PROBLEM DETAILS -
Reproduce exactly, from the data that follows, the line with "#101=DIRECTION('',(0.,0.,-1.));", the line with "#134=VECTOR('',#133,1.);", and every line that lies between them.

DATA RECORDS -
══════

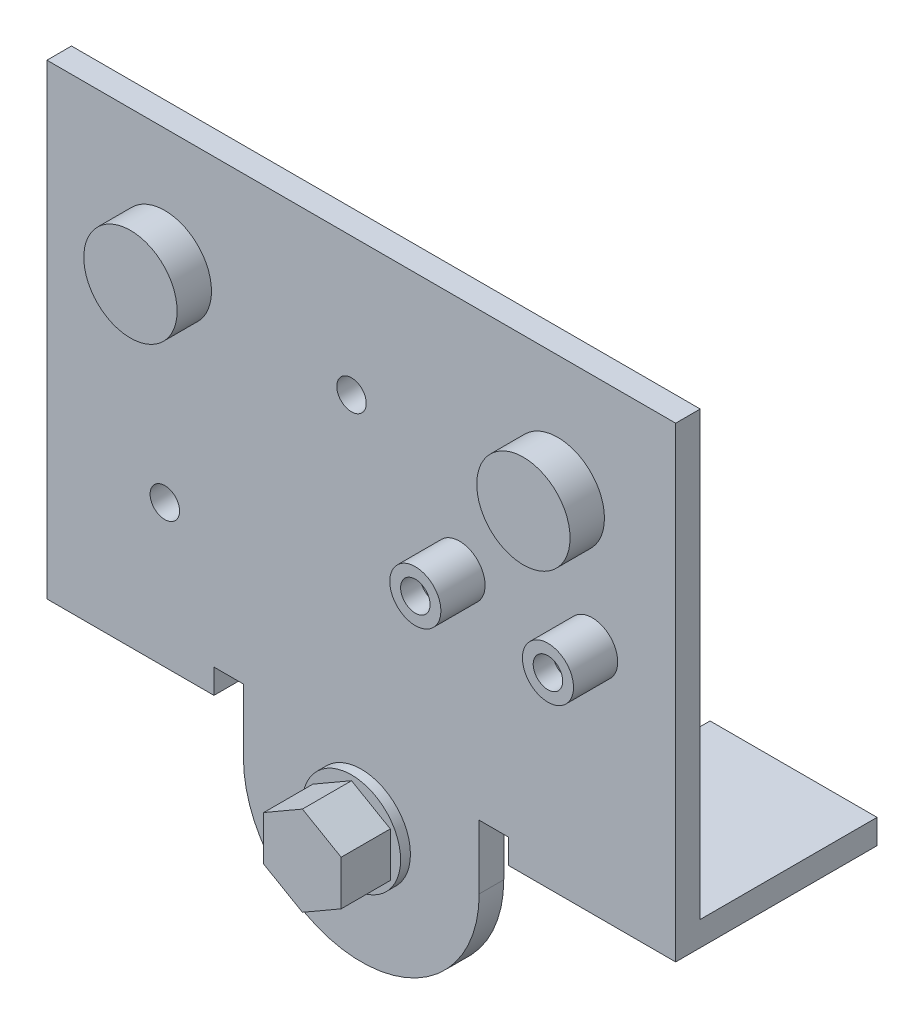
ISO-10303-21;
HEADER;
FILE_DESCRIPTION(('STEP AP214'),'2;1');
FILE_NAME('part.step','',(''),(''),'','','');
FILE_SCHEMA(('AUTOMOTIVE_DESIGN { 1 0 10303 214 1 1 1 1 }'));
ENDSEC;
DATA;
#1=APPLICATION_CONTEXT('core data for automotive mechanical design processes');
#2=APPLICATION_PROTOCOL_DEFINITION('international standard','automotive_design',2000,#1);
#3=PRODUCT_CONTEXT('',#1,'mechanical');
#4=PRODUCT('Part','Part','',(#3));
#5=PRODUCT_RELATED_PRODUCT_CATEGORY('part','',(#4));
#6=PRODUCT_DEFINITION_FORMATION('','',#4);
#7=PRODUCT_DEFINITION_CONTEXT('part definition',#1,'design');
#8=PRODUCT_DEFINITION('design','',#6,#7);
#9=PRODUCT_DEFINITION_SHAPE('','',#8);
#10=(LENGTH_UNIT() NAMED_UNIT(*) SI_UNIT(.MILLI.,.METRE.));
#11=(NAMED_UNIT(*) PLANE_ANGLE_UNIT() SI_UNIT($,.RADIAN.));
#12=(NAMED_UNIT(*) SI_UNIT($,.STERADIAN.) SOLID_ANGLE_UNIT());
#13=UNCERTAINTY_MEASURE_WITH_UNIT(LENGTH_MEASURE(1.E-05),#10,'distance_accuracy_value','');
#14=(GEOMETRIC_REPRESENTATION_CONTEXT(3) GLOBAL_UNCERTAINTY_ASSIGNED_CONTEXT((#13)) GLOBAL_UNIT_ASSIGNED_CONTEXT((#10,
#11,#12)) REPRESENTATION_CONTEXT('',''));
#15=CARTESIAN_POINT('',(0.,0.,0.));
#16=DIRECTION('',(0.,0.,1.));
#17=DIRECTION('',(1.,0.,0.));
#18=AXIS2_PLACEMENT_3D('',#15,#16,#17);
#19=CARTESIAN_POINT('',(-32.,-25.1480637813212,2.5));
#20=DIRECTION('',(0.,1.,0.));
#21=DIRECTION('',(0.,0.,1.));
#22=AXIS2_PLACEMENT_3D('',#19,#20,#21);
#23=PLANE('',#22);
#24=DIRECTION('',(1.,0.,0.));
#25=VECTOR('',#24,1.);
#26=CARTESIAN_POINT('',(-32.,-25.1480637813212,2.5));
#27=LINE('',#26,#25);
#28=CARTESIAN_POINT('',(12.,-25.1480637813212,2.5));
#29=VERTEX_POINT('',#28);
#30=CARTESIAN_POINT('',(15.,-25.1480637813212,2.5));
#31=VERTEX_POINT('',#30);
#32=EDGE_CURVE('E297',#29,#31,#27,.T.);
#33=ORIENTED_EDGE('',*,*,#32,.F.);
#34=DIRECTION('',(0.,0.,1.));
#35=VECTOR('',#34,1.);
#36=CARTESIAN_POINT('',(12.,-25.1480637813212,0.));
#37=LINE('',#36,#35);
#38=CARTESIAN_POINT('',(12.,-25.1480637813212,0.));
#39=VERTEX_POINT('',#38);
#40=EDGE_CURVE('E235',#39,#29,#37,.T.);
#41=ORIENTED_EDGE('',*,*,#40,.F.);
#42=DIRECTION('',(1.,0.,0.));
#43=VECTOR('',#42,1.);
#44=CARTESIAN_POINT('',(-32.,-25.1480637813212,0.));
#45=LINE('',#44,#43);
#46=CARTESIAN_POINT('',(15.,-25.1480637813212,0.));
#47=VERTEX_POINT('',#46);
#48=EDGE_CURVE('E315',#39,#47,#45,.T.);
#49=ORIENTED_EDGE('',*,*,#48,.T.);
#50=DIRECTION('',(0.,0.,-1.));
#51=VECTOR('',#50,1.);
#52=CARTESIAN_POINT('',(15.,-25.1480637813212,2.5));
#53=LINE('',#52,#51);
#54=EDGE_CURVE('E258',#31,#47,#53,.T.);
#55=ORIENTED_EDGE('',*,*,#54,.F.);
#56=EDGE_LOOP('',(#33,#41,#49,#55));
#57=FACE_BOUND('',#56,.T.);
#58=ADVANCED_FACE('F40',(#57),#23,.F.);
#59=CARTESIAN_POINT('',(-15.,-25.1480637813212,0.));
#60=VERTEX_POINT('',#59);
#61=CARTESIAN_POINT('',(-12.,-25.1480637813212,0.));
#62=VERTEX_POINT('',#61);
#63=EDGE_CURVE('E314',#60,#62,#45,.T.);
#64=ORIENTED_EDGE('',*,*,#63,.T.);
#65=DIRECTION('',(0.,0.,1.));
#66=VECTOR('',#65,1.);
#67=CARTESIAN_POINT('',(-12.,-25.1480637813212,0.));
#68=LINE('',#67,#66);
#69=CARTESIAN_POINT('',(-12.,-25.1480637813212,2.5));
#70=VERTEX_POINT('',#69);
#71=EDGE_CURVE('E227',#62,#70,#68,.T.);
#72=ORIENTED_EDGE('',*,*,#71,.T.);
#73=CARTESIAN_POINT('',(-15.,-25.1480637813212,2.5));
#74=VERTEX_POINT('',#73);
#75=EDGE_CURVE('E299',#74,#70,#27,.T.);
#76=ORIENTED_EDGE('',*,*,#75,.F.);
#77=DIRECTION('',(0.,0.,1.));
#78=VECTOR('',#77,1.);
#79=CARTESIAN_POINT('',(-15.,-25.1480637813212,2.5));
#80=LINE('',#79,#78);
#81=EDGE_CURVE('E11',#60,#74,#80,.T.);
#82=ORIENTED_EDGE('',*,*,#81,.F.);
#83=EDGE_LOOP('',(#64,#72,#76,#82));
#84=FACE_BOUND('',#83,.T.);
#85=ADVANCED_FACE('F370',(#84),#23,.F.);
#86=CARTESIAN_POINT('',(-32.,19.8519362186788,2.5));
#87=DIRECTION('',(1.,0.,0.));
#88=DIRECTION('',(0.,1.,0.));
#89=AXIS2_PLACEMENT_3D('',#86,#87,#88);
#90=PLANE('',#89);
#91=DIRECTION('',(0.,-1.,0.));
#92=VECTOR('',#91,1.);
#93=CARTESIAN_POINT('',(-32.,19.8519362186788,0.));
#94=LINE('',#93,#92);
#95=CARTESIAN_POINT('',(-32.,19.8519362186788,0.));
#96=VERTEX_POINT('',#95);
#97=CARTESIAN_POINT('',(-32.,-25.1480637813212,0.));
#98=VERTEX_POINT('',#97);
#99=EDGE_CURVE('E294',#96,#98,#94,.T.);
#100=ORIENTED_EDGE('',*,*,#99,.T.);
#101=DIRECTION('',(0.,0.,-1.));
#102=VECTOR('',#101,1.);
#103=CARTESIAN_POINT('',(-32.,-25.1480637813212,2.5));
#104=LINE('',#103,#102);
#105=CARTESIAN_POINT('',(-32.,-25.1480637813212,-18.));
#106=VERTEX_POINT('',#105);
#107=EDGE_CURVE('E270',#98,#106,#104,.T.);
#108=ORIENTED_EDGE('',*,*,#107,.T.);
#109=DIRECTION('',(0.,1.,0.));
#110=VECTOR('',#109,1.);
#111=CARTESIAN_POINT('',(-32.,-27.6480637813212,-18.));
#112=LINE('',#111,#110);
#113=CARTESIAN_POINT('',(-32.,-27.6480637813212,-18.));
#114=VERTEX_POINT('',#113);
#115=EDGE_CURVE('E291',#114,#106,#112,.T.);
#116=ORIENTED_EDGE('',*,*,#115,.F.);
#117=DIRECTION('',(0.,0.,-1.));
#118=VECTOR('',#117,1.);
#119=CARTESIAN_POINT('',(-32.,-27.6480637813212,2.5));
#120=LINE('',#119,#118);
#121=CARTESIAN_POINT('',(-32.,-27.6480637813212,2.5));
#122=VERTEX_POINT('',#121);
#123=EDGE_CURVE('E271',#122,#114,#120,.T.);
#124=ORIENTED_EDGE('',*,*,#123,.F.);
#125=DIRECTION('',(0.,-1.,0.));
#126=VECTOR('',#125,1.);
#127=CARTESIAN_POINT('',(-32.,19.8519362186788,2.5));
#128=LINE('',#127,#126);
#129=CARTESIAN_POINT('',(-32.,19.8519362186788,2.5));
#130=VERTEX_POINT('',#129);
#131=EDGE_CURVE('E295',#130,#122,#128,.T.);
#132=ORIENTED_EDGE('',*,*,#131,.F.);
#133=DIRECTION('',(0.,0.,-1.));
#134=VECTOR('',#133,1.);
#135=CARTESIAN_POINT('',(-32.,19.8519362186788,2.5));
#136=LINE('',#135,#134);
#137=EDGE_CURVE('E306',#130,#96,#136,.T.);
#138=ORIENTED_EDGE('',*,*,#137,.T.);
#139=EDGE_LOOP('',(#100,#108,#116,#124,#132,#138));
#140=FACE_BOUND('',#139,.T.);
#141=ADVANCED_FACE('F42',(#140),#90,.F.);
#142=CARTESIAN_POINT('',(32.,19.8519362186788,2.5));
#143=DIRECTION('',(-1.,0.,0.));
#144=DIRECTION('',(0.,0.,1.));
#145=AXIS2_PLACEMENT_3D('',#142,#143,#144);
#146=PLANE('',#145);
#147=DIRECTION('',(0.,1.,0.));
#148=VECTOR('',#147,1.);
#149=CARTESIAN_POINT('',(32.,19.8519362186788,0.));
#150=LINE('',#149,#148);
#151=CARTESIAN_POINT('',(32.,-25.1480637813212,0.));
#152=VERTEX_POINT('',#151);
#153=CARTESIAN_POINT('',(32.,19.8519362186788,0.));
#154=VERTEX_POINT('',#153);
#155=EDGE_CURVE('E313',#152,#154,#150,.T.);
#156=ORIENTED_EDGE('',*,*,#155,.T.);
#157=DIRECTION('',(0.,0.,-1.));
#158=VECTOR('',#157,1.);
#159=CARTESIAN_POINT('',(32.,19.8519362186788,2.5));
#160=LINE('',#159,#158);
#161=CARTESIAN_POINT('',(32.,19.8519362186788,2.5));
#162=VERTEX_POINT('',#161);
#163=EDGE_CURVE('E44',#162,#154,#160,.T.);
#164=ORIENTED_EDGE('',*,*,#163,.F.);
#165=DIRECTION('',(0.,1.,0.));
#166=VECTOR('',#165,1.);
#167=CARTESIAN_POINT('',(32.,19.8519362186788,2.5));
#168=LINE('',#167,#166);
#169=CARTESIAN_POINT('',(32.,-27.6480637813212,2.5));
#170=VERTEX_POINT('',#169);
#171=EDGE_CURVE('E302',#170,#162,#168,.T.);
#172=ORIENTED_EDGE('',*,*,#171,.F.);
#173=DIRECTION('',(0.,0.,1.));
#174=VECTOR('',#173,1.);
#175=CARTESIAN_POINT('',(32.,-27.6480637813212,2.5));
#176=LINE('',#175,#174);
#177=CARTESIAN_POINT('',(32.,-27.6480637813212,-18.));
#178=VERTEX_POINT('',#177);
#179=EDGE_CURVE('E244',#178,#170,#176,.T.);
#180=ORIENTED_EDGE('',*,*,#179,.F.);
#181=DIRECTION('',(0.,1.,0.));
#182=VECTOR('',#181,1.);
#183=CARTESIAN_POINT('',(32.,-27.6480637813212,-18.));
#184=LINE('',#183,#182);
#185=CARTESIAN_POINT('',(32.,-25.1480637813212,-18.));
#186=VERTEX_POINT('',#185);
#187=EDGE_CURVE('E254',#178,#186,#184,.T.);
#188=ORIENTED_EDGE('',*,*,#187,.T.);
#189=DIRECTION('',(0.,0.,1.));
#190=VECTOR('',#189,1.);
#191=CARTESIAN_POINT('',(32.,-25.1480637813212,2.5));
#192=LINE('',#191,#190);
#193=EDGE_CURVE('E238',#186,#152,#192,.T.);
#194=ORIENTED_EDGE('',*,*,#193,.T.);
#195=EDGE_LOOP('',(#156,#164,#172,#180,#188,#194));
#196=FACE_BOUND('',#195,.T.);
#197=ADVANCED_FACE('F354',(#196),#146,.F.);
#198=CARTESIAN_POINT('',(-32.,19.8519362186788,2.5));
#199=DIRECTION('',(0.,-1.,0.));
#200=DIRECTION('',(0.,0.,-1.));
#201=AXIS2_PLACEMENT_3D('',#198,#199,#200);
#202=PLANE('',#201);
#203=DIRECTION('',(-1.,0.,0.));
#204=VECTOR('',#203,1.);
#205=CARTESIAN_POINT('',(-32.,19.8519362186788,0.));
#206=LINE('',#205,#204);
#207=EDGE_CURVE('E298',#154,#96,#206,.T.);
#208=ORIENTED_EDGE('',*,*,#207,.T.);
#209=ORIENTED_EDGE('',*,*,#137,.F.);
#210=DIRECTION('',(-1.,0.,0.));
#211=VECTOR('',#210,1.);
#212=CARTESIAN_POINT('',(-32.,19.8519362186788,2.5));
#213=LINE('',#212,#211);
#214=EDGE_CURVE('E304',#162,#130,#213,.T.);
#215=ORIENTED_EDGE('',*,*,#214,.F.);
#216=ORIENTED_EDGE('',*,*,#163,.T.);
#217=EDGE_LOOP('',(#208,#209,#215,#216));
#218=FACE_BOUND('',#217,.T.);
#219=ADVANCED_FACE('F327',(#218),#202,.F.);
#220=CARTESIAN_POINT('',(0.,0.,2.5));
#221=DIRECTION('',(0.,0.,1.));
#222=DIRECTION('',(1.,0.,0.));
#223=AXIS2_PLACEMENT_3D('',#220,#221,#222);
#224=PLANE('',#223);
#225=CARTESIAN_POINT('',(23.5,-4.1480637813212,2.5));
#226=DIRECTION('',(0.,0.,1.));
#227=DIRECTION('',(1.,0.,0.));
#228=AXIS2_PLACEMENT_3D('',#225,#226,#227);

══════

EXERCISE RESULT -
#101=DIRECTION('',(0.,0.,-1.));
#102=VECTOR('',#101,1.);
#103=CARTESIAN_POINT('',(-32.,-25.1480637813212,2.5));
#104=LINE('',#103,#102);
#105=CARTESIAN_POINT('',(-32.,-25.1480637813212,-18.));
#106=VERTEX_POINT('',#105);
#107=EDGE_CURVE('E270',#98,#106,#104,.T.);
#108=ORIENTED_EDGE('',*,*,#107,.T.);
#109=DIRECTION('',(0.,1.,0.));
#110=VECTOR('',#109,1.);
#111=CARTESIAN_POINT('',(-32.,-27.6480637813212,-18.));
#112=LINE('',#111,#110);
#113=CARTESIAN_POINT('',(-32.,-27.6480637813212,-18.));
#114=VERTEX_POINT('',#113);
#115=EDGE_CURVE('E291',#114,#106,#112,.T.);
#116=ORIENTED_EDGE('',*,*,#115,.F.);
#117=DIRECTION('',(0.,0.,-1.));
#118=VECTOR('',#117,1.);
#119=CARTESIAN_POINT('',(-32.,-27.6480637813212,2.5));
#120=LINE('',#119,#118);
#121=CARTESIAN_POINT('',(-32.,-27.6480637813212,2.5));
#122=VERTEX_POINT('',#121);
#123=EDGE_CURVE('E271',#122,#114,#120,.T.);
#124=ORIENTED_EDGE('',*,*,#123,.F.);
#125=DIRECTION('',(0.,-1.,0.));
#126=VECTOR('',#125,1.);
#127=CARTESIAN_POINT('',(-32.,19.8519362186788,2.5));
#128=LINE('',#127,#126);
#129=CARTESIAN_POINT('',(-32.,19.8519362186788,2.5));
#130=VERTEX_POINT('',#129);
#131=EDGE_CURVE('E295',#130,#122,#128,.T.);
#132=ORIENTED_EDGE('',*,*,#131,.F.);
#133=DIRECTION('',(0.,0.,-1.));
#134=VECTOR('',#133,1.);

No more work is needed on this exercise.